• Exercise instructions: Instruction for the entries that follow: retype exactly the lines from the line with "#58=EDGE_LOOP('',(#33,#42,#50,#57));" to the line with "#65=CYLINDRICAL_SURFACE('',#64,2.);", both included, and omit all others.
====== Source data
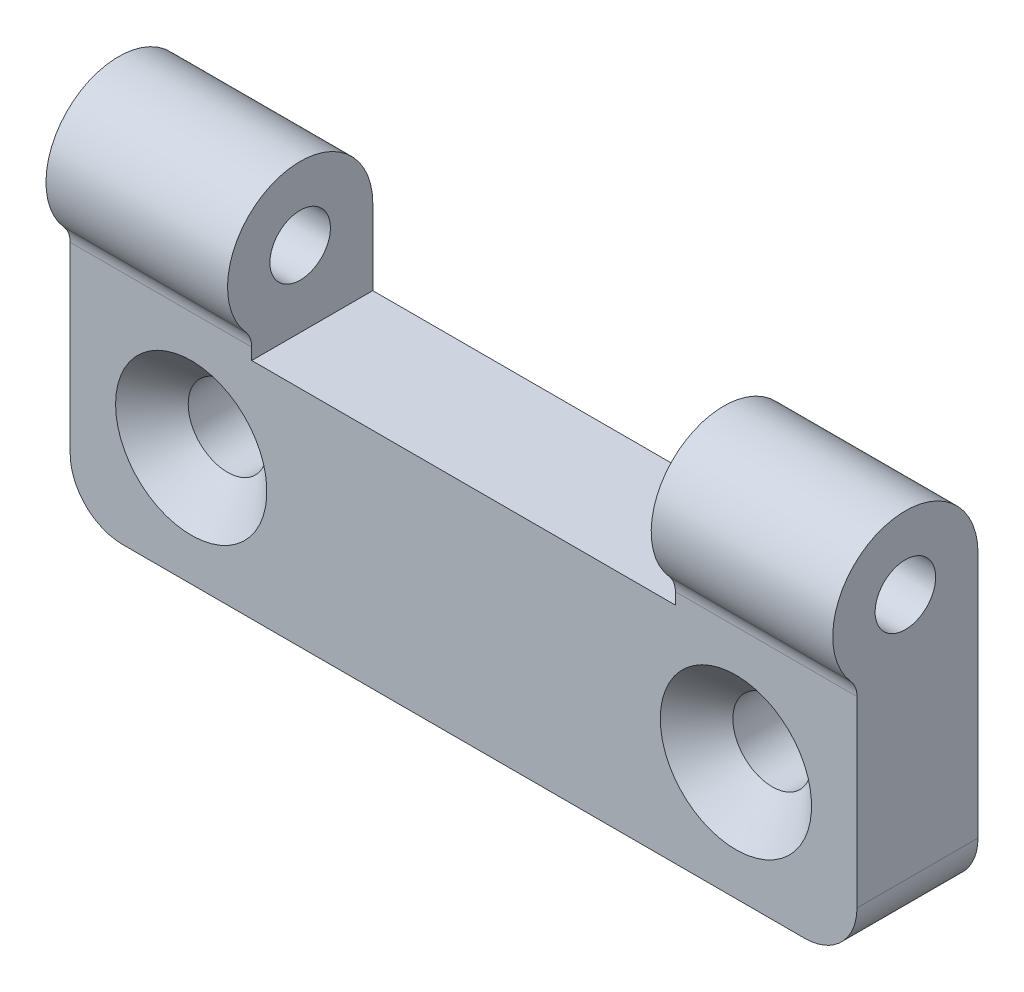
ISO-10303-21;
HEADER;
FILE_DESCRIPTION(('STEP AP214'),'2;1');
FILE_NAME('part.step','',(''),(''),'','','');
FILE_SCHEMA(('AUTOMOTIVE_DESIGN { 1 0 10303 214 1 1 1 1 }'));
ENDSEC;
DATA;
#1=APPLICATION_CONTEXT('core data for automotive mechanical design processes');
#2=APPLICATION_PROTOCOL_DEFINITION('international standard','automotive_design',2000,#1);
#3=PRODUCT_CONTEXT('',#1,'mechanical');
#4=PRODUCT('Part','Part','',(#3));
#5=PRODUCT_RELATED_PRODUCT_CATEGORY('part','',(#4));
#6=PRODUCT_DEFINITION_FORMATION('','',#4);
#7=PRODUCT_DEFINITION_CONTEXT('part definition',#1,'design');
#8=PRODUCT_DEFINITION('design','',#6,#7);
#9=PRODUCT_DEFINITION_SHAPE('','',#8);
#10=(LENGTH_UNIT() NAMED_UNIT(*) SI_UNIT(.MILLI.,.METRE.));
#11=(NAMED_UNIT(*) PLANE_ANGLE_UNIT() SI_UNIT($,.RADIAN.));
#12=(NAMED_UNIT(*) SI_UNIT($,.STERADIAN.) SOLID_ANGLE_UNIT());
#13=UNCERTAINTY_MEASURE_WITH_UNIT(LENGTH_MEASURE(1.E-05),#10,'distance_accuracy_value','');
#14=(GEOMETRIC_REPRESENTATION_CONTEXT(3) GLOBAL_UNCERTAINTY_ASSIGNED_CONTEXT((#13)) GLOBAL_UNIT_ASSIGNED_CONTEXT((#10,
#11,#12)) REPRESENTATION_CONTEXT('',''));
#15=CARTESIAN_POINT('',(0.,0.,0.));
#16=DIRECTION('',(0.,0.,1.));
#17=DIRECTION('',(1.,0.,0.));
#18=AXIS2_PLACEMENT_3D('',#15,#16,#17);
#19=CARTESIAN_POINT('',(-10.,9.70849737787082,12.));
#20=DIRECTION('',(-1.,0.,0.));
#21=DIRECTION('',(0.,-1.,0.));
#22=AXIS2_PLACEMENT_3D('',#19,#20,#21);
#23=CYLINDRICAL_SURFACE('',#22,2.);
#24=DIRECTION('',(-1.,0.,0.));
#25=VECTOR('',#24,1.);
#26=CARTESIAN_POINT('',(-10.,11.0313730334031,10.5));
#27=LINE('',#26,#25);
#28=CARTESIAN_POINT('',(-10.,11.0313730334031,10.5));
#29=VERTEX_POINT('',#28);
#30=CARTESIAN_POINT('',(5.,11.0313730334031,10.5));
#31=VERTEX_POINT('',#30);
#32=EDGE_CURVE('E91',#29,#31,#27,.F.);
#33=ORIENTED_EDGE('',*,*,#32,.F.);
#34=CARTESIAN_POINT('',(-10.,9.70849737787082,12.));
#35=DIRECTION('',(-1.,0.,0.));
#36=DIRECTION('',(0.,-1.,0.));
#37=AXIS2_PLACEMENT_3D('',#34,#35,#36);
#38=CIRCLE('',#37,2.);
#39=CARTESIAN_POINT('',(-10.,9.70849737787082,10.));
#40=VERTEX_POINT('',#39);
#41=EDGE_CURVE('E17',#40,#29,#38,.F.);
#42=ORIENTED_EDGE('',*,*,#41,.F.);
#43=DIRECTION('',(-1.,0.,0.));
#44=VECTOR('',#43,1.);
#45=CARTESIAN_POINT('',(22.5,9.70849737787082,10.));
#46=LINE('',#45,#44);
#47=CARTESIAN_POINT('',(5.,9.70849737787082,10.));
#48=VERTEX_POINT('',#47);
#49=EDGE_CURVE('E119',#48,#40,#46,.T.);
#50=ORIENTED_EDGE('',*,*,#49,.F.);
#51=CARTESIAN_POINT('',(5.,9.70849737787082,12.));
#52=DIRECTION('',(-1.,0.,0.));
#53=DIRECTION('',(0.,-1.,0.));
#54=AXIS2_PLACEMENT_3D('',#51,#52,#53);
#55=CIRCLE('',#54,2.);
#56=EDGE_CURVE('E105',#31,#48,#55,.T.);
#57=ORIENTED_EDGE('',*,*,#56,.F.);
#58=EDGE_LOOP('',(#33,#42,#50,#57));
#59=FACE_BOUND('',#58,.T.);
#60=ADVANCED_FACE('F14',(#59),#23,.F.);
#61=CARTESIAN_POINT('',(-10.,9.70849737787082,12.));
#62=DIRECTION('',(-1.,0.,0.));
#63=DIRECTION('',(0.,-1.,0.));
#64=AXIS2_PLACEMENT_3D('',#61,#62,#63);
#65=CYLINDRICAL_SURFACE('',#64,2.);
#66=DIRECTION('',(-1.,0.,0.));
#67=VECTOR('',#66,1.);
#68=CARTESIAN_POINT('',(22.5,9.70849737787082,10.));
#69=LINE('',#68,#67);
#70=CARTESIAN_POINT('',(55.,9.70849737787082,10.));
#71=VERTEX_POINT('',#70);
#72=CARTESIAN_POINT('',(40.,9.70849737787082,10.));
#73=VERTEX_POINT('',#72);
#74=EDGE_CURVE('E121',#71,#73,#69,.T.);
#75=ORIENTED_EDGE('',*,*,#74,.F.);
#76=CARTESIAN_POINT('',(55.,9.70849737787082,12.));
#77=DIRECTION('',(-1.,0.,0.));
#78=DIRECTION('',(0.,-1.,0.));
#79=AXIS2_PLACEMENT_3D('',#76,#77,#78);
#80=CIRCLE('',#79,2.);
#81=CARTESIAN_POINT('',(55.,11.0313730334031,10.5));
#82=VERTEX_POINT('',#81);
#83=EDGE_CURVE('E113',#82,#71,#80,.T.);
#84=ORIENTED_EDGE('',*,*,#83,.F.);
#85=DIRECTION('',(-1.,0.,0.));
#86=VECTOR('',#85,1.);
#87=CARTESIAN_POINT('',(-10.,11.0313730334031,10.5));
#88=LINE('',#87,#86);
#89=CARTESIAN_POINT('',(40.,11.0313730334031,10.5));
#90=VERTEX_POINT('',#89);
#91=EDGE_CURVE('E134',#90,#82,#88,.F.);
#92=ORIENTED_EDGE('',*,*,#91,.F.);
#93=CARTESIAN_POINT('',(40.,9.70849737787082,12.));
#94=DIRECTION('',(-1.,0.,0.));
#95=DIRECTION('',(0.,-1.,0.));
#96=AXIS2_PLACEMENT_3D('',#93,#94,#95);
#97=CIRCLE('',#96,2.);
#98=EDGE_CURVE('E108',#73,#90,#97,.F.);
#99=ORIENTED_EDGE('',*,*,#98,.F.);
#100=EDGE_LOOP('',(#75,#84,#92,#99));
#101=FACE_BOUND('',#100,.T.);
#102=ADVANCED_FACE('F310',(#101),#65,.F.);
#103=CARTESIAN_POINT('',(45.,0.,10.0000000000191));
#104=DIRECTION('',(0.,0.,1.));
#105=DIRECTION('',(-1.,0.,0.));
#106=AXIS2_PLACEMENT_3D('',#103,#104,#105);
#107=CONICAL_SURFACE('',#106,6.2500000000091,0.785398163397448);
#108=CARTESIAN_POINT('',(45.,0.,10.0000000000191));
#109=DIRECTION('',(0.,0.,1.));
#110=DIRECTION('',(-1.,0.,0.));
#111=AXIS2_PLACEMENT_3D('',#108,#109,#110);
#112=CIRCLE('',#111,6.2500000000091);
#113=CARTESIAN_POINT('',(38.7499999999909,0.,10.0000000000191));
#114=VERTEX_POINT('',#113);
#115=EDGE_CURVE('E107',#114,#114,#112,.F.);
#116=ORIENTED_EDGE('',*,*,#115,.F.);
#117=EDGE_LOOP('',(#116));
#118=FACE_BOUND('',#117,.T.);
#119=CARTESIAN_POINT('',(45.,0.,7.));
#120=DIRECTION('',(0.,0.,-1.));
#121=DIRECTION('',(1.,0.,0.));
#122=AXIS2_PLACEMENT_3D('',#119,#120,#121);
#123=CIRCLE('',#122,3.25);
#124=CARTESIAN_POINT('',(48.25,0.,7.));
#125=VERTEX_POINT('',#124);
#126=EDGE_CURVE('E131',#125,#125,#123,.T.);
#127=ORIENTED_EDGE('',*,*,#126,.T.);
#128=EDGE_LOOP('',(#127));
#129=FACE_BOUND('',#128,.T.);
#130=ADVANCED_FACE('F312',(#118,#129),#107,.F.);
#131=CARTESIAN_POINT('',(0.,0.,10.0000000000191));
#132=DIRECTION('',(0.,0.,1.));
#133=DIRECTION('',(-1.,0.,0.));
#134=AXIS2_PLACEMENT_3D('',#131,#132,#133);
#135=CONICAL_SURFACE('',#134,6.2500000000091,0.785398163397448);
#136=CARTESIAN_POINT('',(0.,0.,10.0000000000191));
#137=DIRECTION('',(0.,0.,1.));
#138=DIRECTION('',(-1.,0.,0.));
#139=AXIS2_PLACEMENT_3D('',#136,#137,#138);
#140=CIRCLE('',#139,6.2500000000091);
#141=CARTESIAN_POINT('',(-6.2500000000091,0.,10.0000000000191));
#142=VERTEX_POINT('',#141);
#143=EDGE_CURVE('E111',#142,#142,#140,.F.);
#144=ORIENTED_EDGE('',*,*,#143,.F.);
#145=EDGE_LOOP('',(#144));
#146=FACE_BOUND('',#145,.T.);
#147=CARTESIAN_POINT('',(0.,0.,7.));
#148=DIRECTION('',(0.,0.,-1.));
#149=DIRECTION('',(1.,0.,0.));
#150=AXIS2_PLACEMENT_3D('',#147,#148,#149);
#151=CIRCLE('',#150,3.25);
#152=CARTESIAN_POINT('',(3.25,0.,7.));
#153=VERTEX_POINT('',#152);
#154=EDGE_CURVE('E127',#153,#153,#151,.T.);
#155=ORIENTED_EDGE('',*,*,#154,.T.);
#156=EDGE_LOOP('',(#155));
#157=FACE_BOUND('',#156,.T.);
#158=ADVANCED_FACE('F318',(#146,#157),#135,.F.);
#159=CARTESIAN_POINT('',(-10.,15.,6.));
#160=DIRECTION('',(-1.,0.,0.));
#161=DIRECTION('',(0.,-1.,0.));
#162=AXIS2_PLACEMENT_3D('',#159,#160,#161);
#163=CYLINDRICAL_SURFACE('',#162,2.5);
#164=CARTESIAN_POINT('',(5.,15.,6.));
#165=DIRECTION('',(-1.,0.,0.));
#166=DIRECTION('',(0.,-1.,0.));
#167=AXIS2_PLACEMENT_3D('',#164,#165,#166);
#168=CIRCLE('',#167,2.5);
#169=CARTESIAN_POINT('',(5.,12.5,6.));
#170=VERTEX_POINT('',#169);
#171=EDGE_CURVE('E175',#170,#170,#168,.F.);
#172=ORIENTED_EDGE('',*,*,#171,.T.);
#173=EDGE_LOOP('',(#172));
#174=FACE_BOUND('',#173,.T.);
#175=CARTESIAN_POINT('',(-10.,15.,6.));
============
• Exercise answer:
#58=EDGE_LOOP('',(#33,#42,#50,#57));
#59=FACE_BOUND('',#58,.T.);
#60=ADVANCED_FACE('F14',(#59),#23,.F.);
#61=CARTESIAN_POINT('',(-10.,9.70849737787082,12.));
#62=DIRECTION('',(-1.,0.,0.));
#63=DIRECTION('',(0.,-1.,0.));
#64=AXIS2_PLACEMENT_3D('',#61,#62,#63);
#65=CYLINDRICAL_SURFACE('',#64,2.);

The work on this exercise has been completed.